“Aviachaos”, which spoiled the rest of many European tourists last summer, threatens to continue in Europe for at least a few more years. At least as summer approaches, the problems are getting worse: Europe’s busiest airport is already canceling thousands of flights. We are talking about Amsterdam Schiphol Airport, which limits the number of international flights departing from the airport, and already touching the next year 2024.
According to a statement from the Dutch government, the airport is reducing the annual number of flights from 500,000 to 460,000. However, the current summer season is promised to be “pardoned”: the reductions will take effect from November and will affect the schedule of winter 2023, as well as the schedule of summer 2024. The official reason is the introduction of several measures to reduce carbon emissions, as well as reduce noise levels. Unofficial – continuation of the crisis in the aviation industry.
The airlines have already criticized the move in a joint statement issued by KLM Group, easyJet, TUI, Delta, and Corendon. They reminded me that Amsterdam Airport is one of the busiest in Europe, second only to London Heathrow Airport and Paris Charles de Gaulle Airport.
However, the Dutch government is not the only one to reduce flights. Yes, Lufthansa says it has had to “adjust its summer flight schedule” and canceled over 34,000 flights this summer. The carrier’s management openly recognized the lack of personnel as the main problem currently affecting the aviation industry. Wizz Air also canceled some flights.

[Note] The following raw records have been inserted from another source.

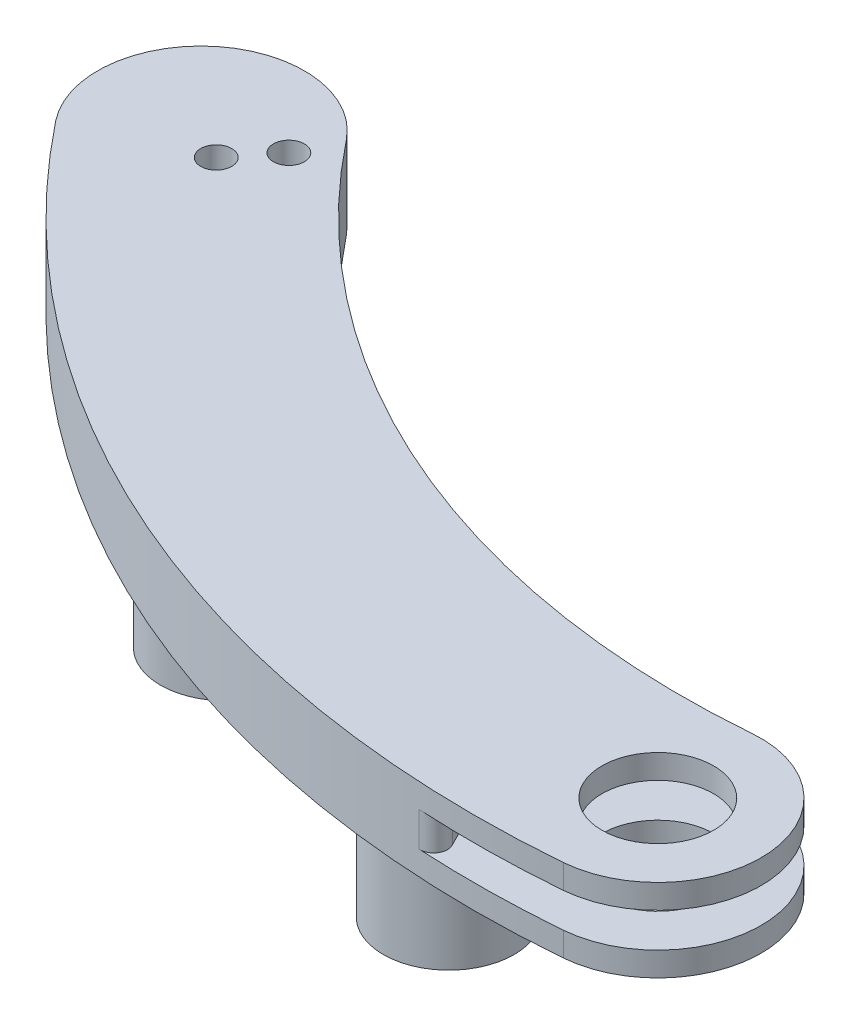
ISO-10303-21;
HEADER;
FILE_DESCRIPTION(('STEP AP214'),'2;1');
FILE_NAME('part.step','',(''),(''),'','','');
FILE_SCHEMA(('AUTOMOTIVE_DESIGN { 1 0 10303 214 1 1 1 1 }'));
ENDSEC;
DATA;
#1=APPLICATION_CONTEXT('core data for automotive mechanical design processes');
#2=APPLICATION_PROTOCOL_DEFINITION('international standard','automotive_design',2000,#1);
#3=PRODUCT_CONTEXT('',#1,'mechanical');
#4=PRODUCT('Part','Part','',(#3));
#5=PRODUCT_RELATED_PRODUCT_CATEGORY('part','',(#4));
#6=PRODUCT_DEFINITION_FORMATION('','',#4);
#7=PRODUCT_DEFINITION_CONTEXT('part definition',#1,'design');
#8=PRODUCT_DEFINITION('design','',#6,#7);
#9=PRODUCT_DEFINITION_SHAPE('','',#8);
#10=(LENGTH_UNIT() NAMED_UNIT(*) SI_UNIT(.MILLI.,.METRE.));
#11=(NAMED_UNIT(*) PLANE_ANGLE_UNIT() SI_UNIT($,.RADIAN.));
#12=(NAMED_UNIT(*) SI_UNIT($,.STERADIAN.) SOLID_ANGLE_UNIT());
#13=UNCERTAINTY_MEASURE_WITH_UNIT(LENGTH_MEASURE(1.E-05),#10,'distance_accuracy_value','');
#14=(GEOMETRIC_REPRESENTATION_CONTEXT(3) GLOBAL_UNCERTAINTY_ASSIGNED_CONTEXT((#13)) GLOBAL_UNIT_ASSIGNED_CONTEXT((#10,
#11,#12)) REPRESENTATION_CONTEXT('',''));
#15=CARTESIAN_POINT('',(0.,0.,0.));
#16=DIRECTION('',(0.,0.,1.));
#17=DIRECTION('',(1.,0.,0.));
#18=AXIS2_PLACEMENT_3D('',#15,#16,#17);
#19=CARTESIAN_POINT('',(-11.1561222970679,12.,-134.5382508259));
#20=DIRECTION('',(0.,-1.,0.));
#21=DIRECTION('',(0.,0.,-1.));
#22=AXIS2_PLACEMENT_3D('',#19,#20,#21);
#23=CYLINDRICAL_SURFACE('',#22,120.);
#24=DIRECTION('',(0.,-1.,0.));
#25=VECTOR('',#24,1.);
#26=CARTESIAN_POINT('',(-23.8009389622773,12.,-15.2063246221251));
#27=LINE('',#26,#25);
#28=CARTESIAN_POINT('',(-23.8009389622773,8.5,-15.2063246221251));
#29=VERTEX_POINT('',#28);
#30=CARTESIAN_POINT('',(-23.8009389622773,3.5,-15.2063246221251));
#31=VERTEX_POINT('',#30);
#32=EDGE_CURVE('E201',#29,#31,#27,.T.);
#33=ORIENTED_EDGE('',*,*,#32,.T.);
#34=CARTESIAN_POINT('',(-11.1561222970679,3.5,-134.5382508259));
#35=DIRECTION('',(0.,1.,0.));
#36=DIRECTION('',(0.,0.,1.));
#37=AXIS2_PLACEMENT_3D('',#34,#35,#36);
#38=CIRCLE('',#37,120.);
#39=CARTESIAN_POINT('',(-1.23956914411867,3.5,-14.9486945362111));
#40=VERTEX_POINT('',#39);
#41=EDGE_CURVE('E151',#31,#40,#38,.T.);
#42=ORIENTED_EDGE('',*,*,#41,.T.);
#43=DIRECTION('',(0.,-1.,0.));
#44=VECTOR('',#43,1.);
#45=CARTESIAN_POINT('',(-1.23956914411867,3.5,-14.9486945362111));
#46=LINE('',#45,#44);
#47=CARTESIAN_POINT('',(-1.23956914411867,0.,-14.9486945362111));
#48=VERTEX_POINT('',#47);
#49=EDGE_CURVE('E138',#40,#48,#46,.T.);
#50=ORIENTED_EDGE('',*,*,#49,.T.);
#51=CARTESIAN_POINT('',(-11.1561222970679,0.,-134.5382508259));
#52=DIRECTION('',(0.,1.,0.));
#53=DIRECTION('',(0.,0.,1.));
#54=AXIS2_PLACEMENT_3D('',#51,#52,#53);
#55=CIRCLE('',#54,120.);
#56=CARTESIAN_POINT('',(-105.239569144119,0.,-60.0513054637889));
#57=VERTEX_POINT('',#56);
#58=EDGE_CURVE('E178',#57,#48,#55,.T.);
#59=ORIENTED_EDGE('',*,*,#58,.F.);
#60=DIRECTION('',(0.,-1.,0.));
#61=VECTOR('',#60,1.);
#62=CARTESIAN_POINT('',(-105.239569144119,12.,-60.0513054637889));
#63=LINE('',#62,#61);
#64=CARTESIAN_POINT('',(-105.239569144119,12.,-60.0513054637889));
#65=VERTEX_POINT('',#64);
#66=EDGE_CURVE('E198',#65,#57,#63,.T.);
#67=ORIENTED_EDGE('',*,*,#66,.F.);
#68=CARTESIAN_POINT('',(-11.1561222970679,12.,-134.5382508259));
#69=DIRECTION('',(0.,1.,0.));
#70=DIRECTION('',(0.,0.,1.));
#71=AXIS2_PLACEMENT_3D('',#68,#69,#70);
#72=CIRCLE('',#71,120.);
#73=CARTESIAN_POINT('',(-1.23956914411867,12.,-14.9486945362111));
#74=VERTEX_POINT('',#73);
#75=EDGE_CURVE('E179',#65,#74,#72,.T.);
#76=ORIENTED_EDGE('',*,*,#75,.T.);
#77=DIRECTION('',(0.,-1.,0.));
#78=VECTOR('',#77,1.);
#79=CARTESIAN_POINT('',(-1.23956914411867,3.5,-14.9486945362111));
#80=LINE('',#79,#78);
#81=CARTESIAN_POINT('',(-1.23956914411867,8.5,-14.9486945362111));
#82=VERTEX_POINT('',#81);
#83=EDGE_CURVE('E170',#74,#82,#80,.T.);
#84=ORIENTED_EDGE('',*,*,#83,.T.);
#85=CARTESIAN_POINT('',(-11.1561222970679,8.5,-134.5382508259));
#86=DIRECTION('',(0.,1.,0.));
#87=DIRECTION('',(0.,0.,1.));
#88=AXIS2_PLACEMENT_3D('',#85,#86,#87);
#89=CIRCLE('',#88,120.);
#90=EDGE_CURVE('E137',#29,#82,#89,.T.);
#91=ORIENTED_EDGE('',*,*,#90,.F.);
#92=EDGE_LOOP('',(#33,#42,#50,#59,#67,#76,#84,#91));
#93=FACE_BOUND('',#92,.T.);
#94=ADVANCED_FACE('F41',(#93),#23,.F.);
#95=CARTESIAN_POINT('',(-11.1561222970679,12.,-134.5382508259));
#96=DIRECTION('',(0.,-1.,0.));
#97=DIRECTION('',(0.,0.,-1.));
#98=AXIS2_PLACEMENT_3D('',#95,#96,#97);
#99=CYLINDRICAL_SURFACE('',#98,150.);
#100=CARTESIAN_POINT('',(-11.1561222970679,3.5,-134.5382508259));
#101=DIRECTION('',(0.,1.,0.));
#102=DIRECTION('',(0.,0.,1.));
#103=AXIS2_PLACEMENT_3D('',#100,#101,#102);
#104=CIRCLE('',#103,150.);
#105=CARTESIAN_POINT('',(-19.3809595649369,3.5,15.2360862679993));
#106=VERTEX_POINT('',#105);
#107=CARTESIAN_POINT('',(1.23956914411865,3.5,14.9486945362112));
#108=VERTEX_POINT('',#107);
#109=EDGE_CURVE('E57',#106,#108,#104,.T.);
#110=ORIENTED_EDGE('',*,*,#109,.F.);
#111=DIRECTION('',(0.,-1.,0.));
#112=VECTOR('',#111,1.);
#113=CARTESIAN_POINT('',(-19.3809595649369,12.,15.2360862679993));
#114=LINE('',#113,#112);
#115=CARTESIAN_POINT('',(-19.3809595649369,8.5,15.2360862679993));
#116=VERTEX_POINT('',#115);
#117=EDGE_CURVE('E224',#106,#116,#114,.F.);
#118=ORIENTED_EDGE('',*,*,#117,.T.);
#119=CARTESIAN_POINT('',(-11.1561222970679,8.5,-134.5382508259));
#120=DIRECTION('',(0.,1.,0.));
#121=DIRECTION('',(0.,0.,1.));
#122=AXIS2_PLACEMENT_3D('',#119,#120,#121);
#123=CIRCLE('',#122,150.);
#124=CARTESIAN_POINT('',(1.23956914411865,8.5,14.9486945362112));
#125=VERTEX_POINT('',#124);
#126=EDGE_CURVE('E65',#116,#125,#123,.T.);
#127=ORIENTED_EDGE('',*,*,#126,.T.);
#128=DIRECTION('',(0.,-1.,0.));
#129=VECTOR('',#128,1.);
#130=CARTESIAN_POINT('',(1.23956914411865,3.5,14.9486945362112));
#131=LINE('',#130,#129);
#132=CARTESIAN_POINT('',(1.23956914411865,12.,14.9486945362112));
#133=VERTEX_POINT('',#132);
#134=EDGE_CURVE('E174',#133,#125,#131,.T.);
#135=ORIENTED_EDGE('',*,*,#134,.F.);
#136=CARTESIAN_POINT('',(-11.1561222970679,12.,-134.5382508259));
#137=DIRECTION('',(0.,1.,0.));
#138=DIRECTION('',(0.,0.,1.));
#139=AXIS2_PLACEMENT_3D('',#136,#137,#138);
#140=CIRCLE('',#139,150.);
#141=CARTESIAN_POINT('',(-128.760430855881,12.,-41.429569123261));
#142=VERTEX_POINT('',#141);
#143=EDGE_CURVE('E185',#142,#133,#140,.T.);
#144=ORIENTED_EDGE('',*,*,#143,.F.);
#145=DIRECTION('',(0.,-1.,0.));
#146=VECTOR('',#145,1.);
#147=CARTESIAN_POINT('',(-128.760430855881,12.,-41.429569123261));
#148=LINE('',#147,#146);
#149=CARTESIAN_POINT('',(-128.760430855881,0.,-41.429569123261));
#150=VERTEX_POINT('',#149);
#151=EDGE_CURVE('E188',#142,#150,#148,.T.);
#152=ORIENTED_EDGE('',*,*,#151,.T.);
#153=CARTESIAN_POINT('',(-11.1561222970679,0.,-134.5382508259));
#154=DIRECTION('',(0.,1.,0.));
#155=DIRECTION('',(0.,0.,1.));
#156=AXIS2_PLACEMENT_3D('',#153,#154,#155);
#157=CIRCLE('',#156,150.);
#158=CARTESIAN_POINT('',(1.23956914411865,0.,14.9486945362112));
#159=VERTEX_POINT('',#158);
#160=EDGE_CURVE('E132',#150,#159,#157,.T.);
#161=ORIENTED_EDGE('',*,*,#160,.T.);
#162=DIRECTION('',(0.,-1.,0.));
#163=VECTOR('',#162,1.);
#164=CARTESIAN_POINT('',(1.23956914411865,3.5,14.9486945362112));
#165=LINE('',#164,#163);
#166=EDGE_CURVE('E128',#108,#159,#165,.T.);
#167=ORIENTED_EDGE('',*,*,#166,.F.);
#168=EDGE_LOOP('',(#110,#118,#127,#135,#144,#152,#161,#167));
#169=FACE_BOUND('',#168,.T.);
#170=ADVANCED_FACE('F129',(#169),#99,.T.);
#171=CARTESIAN_POINT('',(-117.,12.,-50.7404372935249));
#172=DIRECTION('',(0.,-1.,0.));
#173=DIRECTION('',(0.,0.,-1.));
#174=AXIS2_PLACEMENT_3D('',#171,#172,#173);
#175=CYLINDRICAL_SURFACE('',#174,15.);
#176=CARTESIAN_POINT('',(-117.,0.,-50.7404372935249));
#177=DIRECTION('',(0.,1.,0.));
#178=DIRECTION('',(0.,0.,1.));
#179=AXIS2_PLACEMENT_3D('',#176,#177,#178);
#180=CIRCLE('',#179,15.);
#181=EDGE_CURVE('E191',#57,#150,#180,.T.);
#182=ORIENTED_EDGE('',*,*,#181,.T.);
#183=ORIENTED_EDGE('',*,*,#151,.F.);
#184=CARTESIAN_POINT('',(-117.,12.,-50.7404372935249));
#185=DIRECTION('',(0.,1.,0.));
#186=DIRECTION('',(0.,0.,1.));
#187=AXIS2_PLACEMENT_3D('',#184,#185,#186);
#188=CIRCLE('',#187,15.);
#189=EDGE_CURVE('E182',#65,#142,#188,.T.);
#190=ORIENTED_EDGE('',*,*,#189,.F.);
#191=ORIENTED_EDGE('',*,*,#66,.T.);
#192=EDGE_LOOP('',(#182,#183,#190,#191));
#193=FACE_BOUND('',#192,.T.);
#194=ADVANCED_FACE('F268',(#193),#175,.T.);
#195=CARTESIAN_POINT('',(0.,12.,0.));
#196=DIRECTION('',(0.,1.,0.));
#197=DIRECTION('',(0.,0.,1.));
#198=AXIS2_PLACEMENT_3D('',#195,#196,#197);
#199=PLANE('',#198);
#200=CARTESIAN_POINT('',(-107.816607253969,12.,-54.3024904049805));
#201=DIRECTION('',(0.,1.,0.));
#202=DIRECTION('',(0.,0.,1.));
#203=AXIS2_PLACEMENT_3D('',#200,#201,#202);
#204=CIRCLE('',#203,2.25);
#205=CARTESIAN_POINT('',(-107.816607253969,12.,-52.0524904049805));
#206=VERTEX_POINT('',#205);
#207=EDGE_CURVE('E331',#206,#206,#204,.T.);
#208=ORIENTED_EDGE('',*,*,#207,.F.);
#209=EDGE_LOOP('',(#208));
#210=FACE_BOUND('',#209,.T.);
#211=CARTESIAN_POINT('',(-112.49908312254,12.,-48.4437857921633));
#212=DIRECTION('',(0.,1.,0.));
#213=DIRECTION('',(0.,0.,1.));
#214=AXIS2_PLACEMENT_3D('',#211,#212,#213);
#215=CIRCLE('',#214,2.25);
#216=CARTESIAN_POINT('',(-112.49908312254,12.,-46.1937857921633));
#217=VERTEX_POINT('',#216);
#218=EDGE_CURVE('E322',#217,#217,#215,.T.);
#219=ORIENTED_EDGE('',*,*,#218,.F.);
#220=EDGE_LOOP('',(#219));
#221=FACE_BOUND('',#220,.T.);
#222=CARTESIAN_POINT('',(0.,12.,0.));
#223=DIRECTION('',(0.,1.,0.));
#224=DIRECTION('',(0.,0.,1.));
#225=AXIS2_PLACEMENT_3D('',#222,#223,#224);
#226=CIRCLE('',#225,8.1);
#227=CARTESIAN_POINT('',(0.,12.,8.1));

It will be recalled that last year Europe’s airports were overwhelmed by chaos: massive cancellations of flights, huge long-hour queues at airports for departures, in which tourists who want to fly away on vacation get stuck. The crisis at airports was triggered by the fact that airlines and airports laid off thousands of workers over the past 2 years when demand fell during the quarantine, and then tried their best to recruit and train replacements, European media experts say.
The chaos was exacerbated by airlines — the same Lufthansa, according to German media, canceled 900 flights in Germany and Europe at its hubs in Frankfurt and Munich due to a lack of staff. “The cancellation of flights in July affects 5% of flights on weekdays on Friday, Saturday and Sunday,” the message says. Eurowings is also canceling several hundred flights in July alone, Swiss will reduce flights mainly from Zurich to Germany, but the cancellations will also affect international flights.